So there was a writing prompt on tumblr that was like 'The dead spinning in their graves is a real thing and now used to generate electricity. Your job is to come up with the best ideas to piss off the deceased in order to maximize energy production' and because I'll be salty about 686 in my grave I wrote this.


What The Future Holds

by hashtagartistlife

The idea catches on like wildfire. A hundred years into the future, people begin to write in lists of things that will piss them off into their will, seeing energy generation as a civic duty that they can contribute to long after their death. Dead bodies are buried no longer according to family relations, but according to what things will piss them off most in order for efficient insulting and subsequent synchronised turning in graves. Old grandmothers who get annoyed that someone would dare substitute butter with low-fat sunflower seed oil in their chiffon cake recipe. Plots of dead Republicans right next to a Democrat stronghold, and vice versa. Harry Potter fans in mass graveyards, having 'DID YOU PUT YOUR NAME IN THE GOBLET OF FIYAH' being played over them 24/7. The list is endless, and the world suffers no shortage of energy.
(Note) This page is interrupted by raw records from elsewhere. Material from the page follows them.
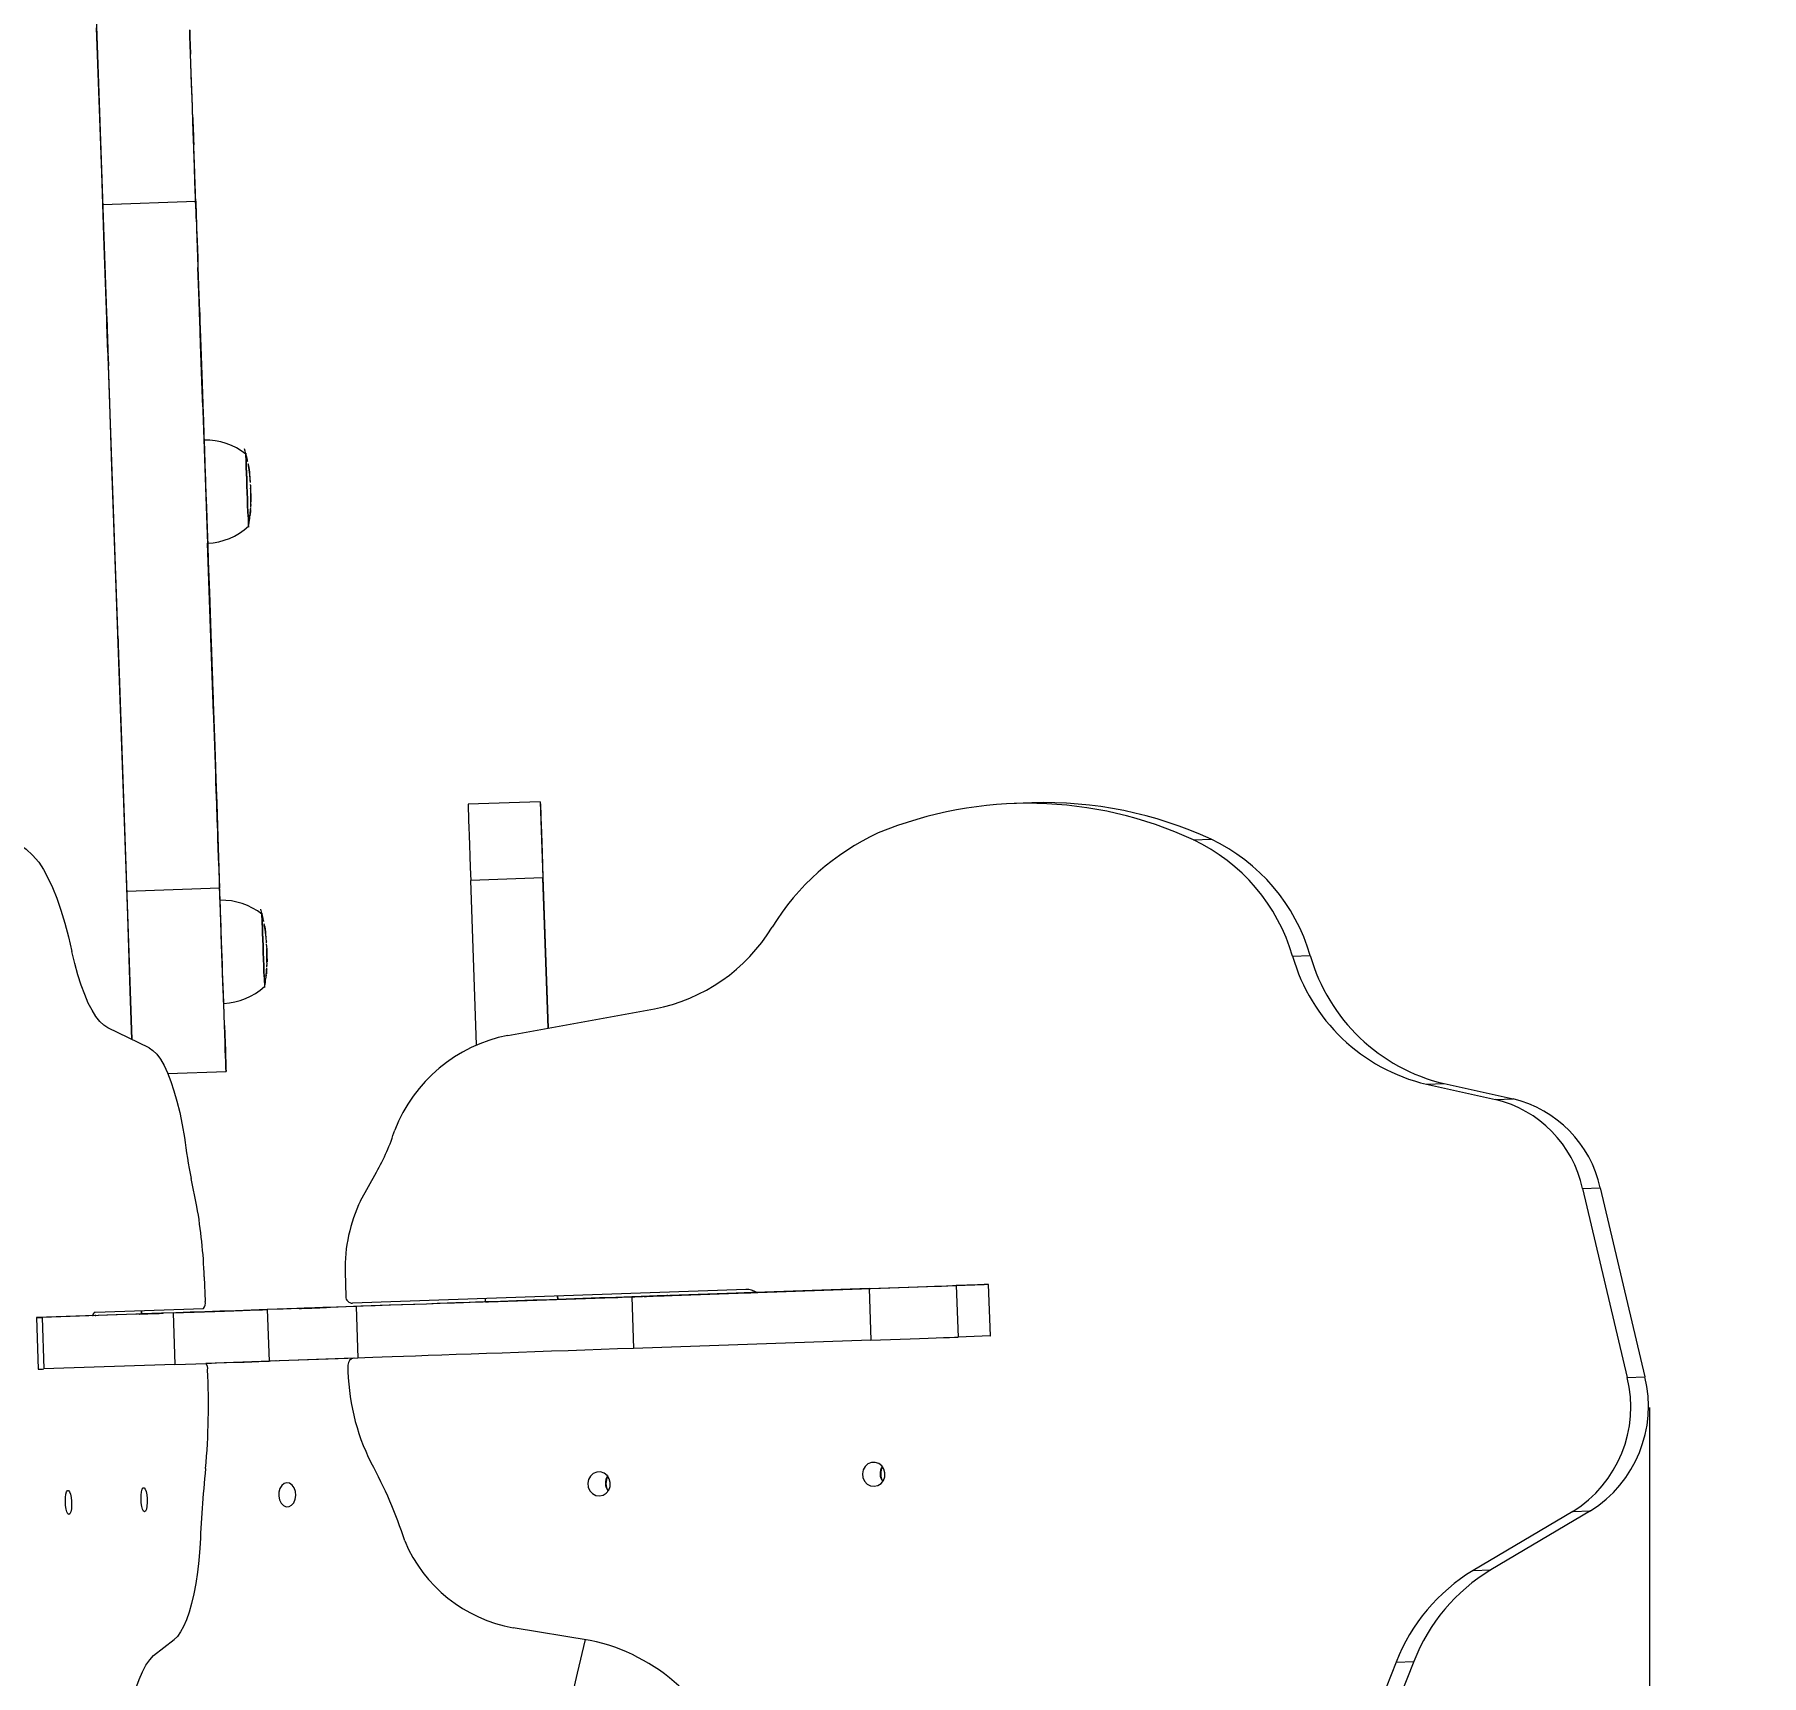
# Model space of a CAD drawing. Header units: millimetres. Extents: x -5713 to 5719, y -6024 to 5481.
# Drawn here: x 2244 to 2746, y 2300 to 2777 of the extents above; entities that cross this region are included whole.
import ezdxf

# ---------------------------------------------------------------- set-up
doc = ezdxf.new("R2010")
doc.units = ezdxf.units.MM
for name, color, linetype in [('DIKOM_ОБЪЕКТ', 7, 'Continuous'), ('DIKOM_РАЗМЕР_ЗОНА', 7, 'Continuous'), ('DIKOM_РАЗМЕР_ОБЪЕКТА', 7, 'Continuous')]:
    doc.layers.add(name, color=color, linetype=linetype)
doc.styles.add('style1', font='arial.ttf', dxfattribs={"width": 0.8})
doc.dimstyles.new('1-50', dxfattribs={"dimtxt": 300, "dimasz": 200, "dimexe": 100, "dimexo": 0, "dimgap": 100, "dimtad": 1, "dimdec": 0, "dimtxsty": 'style1', "dimcen": 0, "dimclrd": 7, "dimclre": 7, "dimadec": 1, "dimazin": 2, "dimtfac": 1, "dimtdec": 0, "dimtmove": 1, "dimatfit": 3, "dimfxl": 0, "dimlwd": 25, "dimlwe": 18, "dimarcsym": 0})

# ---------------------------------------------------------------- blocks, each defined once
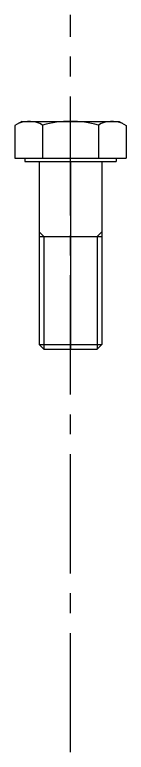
# Model space of a CAD drawing. Header units: inches. Extents: x -1077 to 1679, y -2224 to 594.
# Drawn here: x -105.7 to -87.9, y -1116.8 to -999 of the extents above; entities that cross this region are included whole.
import ezdxf

# ---------------------------------------------------------------- set-up
doc = ezdxf.new("R2010")
doc.units = ezdxf.units.IN
doc.header["$MEASUREMENT"] = 0
doc.linetypes.add('CENTER2', pattern=[28.575, 19.05, -3.175, 3.175, -3.175])
doc.layers.add('中心线', color=10, linetype='CENTER2')
doc.layers.add('粗实线', color=5, linetype='Continuous')

msp = doc.modelspace()

# ---------------------------------------------------------------- linework, layer by layer
at = {"layer": '中心线'}
for p, q in [((-96.79, -1116.83), (-96.79, -999.01)), ((-96.79, -1021.94), (-96.79, -1016.04))]:
    msp.add_line(p, q, dxfattribs=at)
at = {"layer": '粗实线'}
for p, q in [((-104.57, -1016.04), (-105.68, -1016.68)), ((-105.68, -1016.68), (-105.68, -1021.94)), ((-104.57, -1016.04), (-89.02, -1016.04)), ((-101.24, -1016.63), (-101.24, -1021.94)), ((-92.35, -1016.63), (-92.35, -1021.94)), ((-89.02, -1016.04), (-87.91, -1016.68)), ((-87.91, -1016.68), (-87.91, -1021.94)), ((-105.68, -1021.94), (-87.91, -1021.94)), ((-104.09, -1021.94), (-104.09, -1022.44)), ((-104.09, -1022.44), (-89.49, -1022.44)), ((-101.79, -1022.44), (-101.79, -1051.69)), ((-96.79, -1022.44), (-96.79, -1052.44)), ((-91.79, -1022.44), (-91.79, -1051.69)), ((-89.49, -1021.94), (-89.49, -1022.44)), ((-101.04, -1034.44), (-101.79, -1033.69)), ((-101.79, -1034.44), (-91.79, -1034.44)), ((-101.04, -1034.44), (-101.04, -1052.44)), ((-92.54, -1034.44), (-91.79, -1033.69)), ((-92.54, -1034.44), (-92.54, -1052.44)), ((-101.04, -1052.44), (-101.79, -1051.69)), ((-101.79, -1051.69), (-91.79, -1051.69)), ((-92.54, -1052.44), (-91.79, -1051.69)), ((-101.04, -1052.44), (-92.54, -1052.44))]:
    msp.add_line(p, q, dxfattribs=at)
for centre, radius, start, end in [((-103.46, -1020.51), 4.47, 60.2145, 111.9778), ((-96.79, -1033.04), 17, 74.8514, 105.1486), ((-90.13, -1020.51), 4.47, 68.0222, 119.7855)]:
    msp.add_arc(centre, radius, start, end, dxfattribs=at)

doc.saveas('drawing.dxf')

Amid such wildly energetic plots and creative insults, you encounter a graveyard of significant size, that is apparently generating an incredible amount of energy - but you can't for the life of you figure out why the hell so many people would be enraged by what the insulter is calling out. You take the insulter aside and ask for the back story to the plot, how such a simple insult can cause so many people to turn in their graves - extremely energetically and indignantly, if the stats you see on the computer before you are any measure. The insulter shrugs.

"'Heard tell that this is a plot for fans of some manga. Blech? Bleach? I don't really remember. What do you think I am, a historian? I just do the job, buddy."

"Well, what is it exactly you're calling out?" you ask, entirely intrigued. It'd been difficult to hear over the sounds of the electricity being generated, but you know the insult is dramatically short, only one or two words at most. "They can't possibly all be insulted with something so short!

The insulter shrugs. "See for yourself," he says, before turning back to the graveyard.

"686!" he calls out over the din, and, once again, everyone in the Bleach graveyard turn in their graves.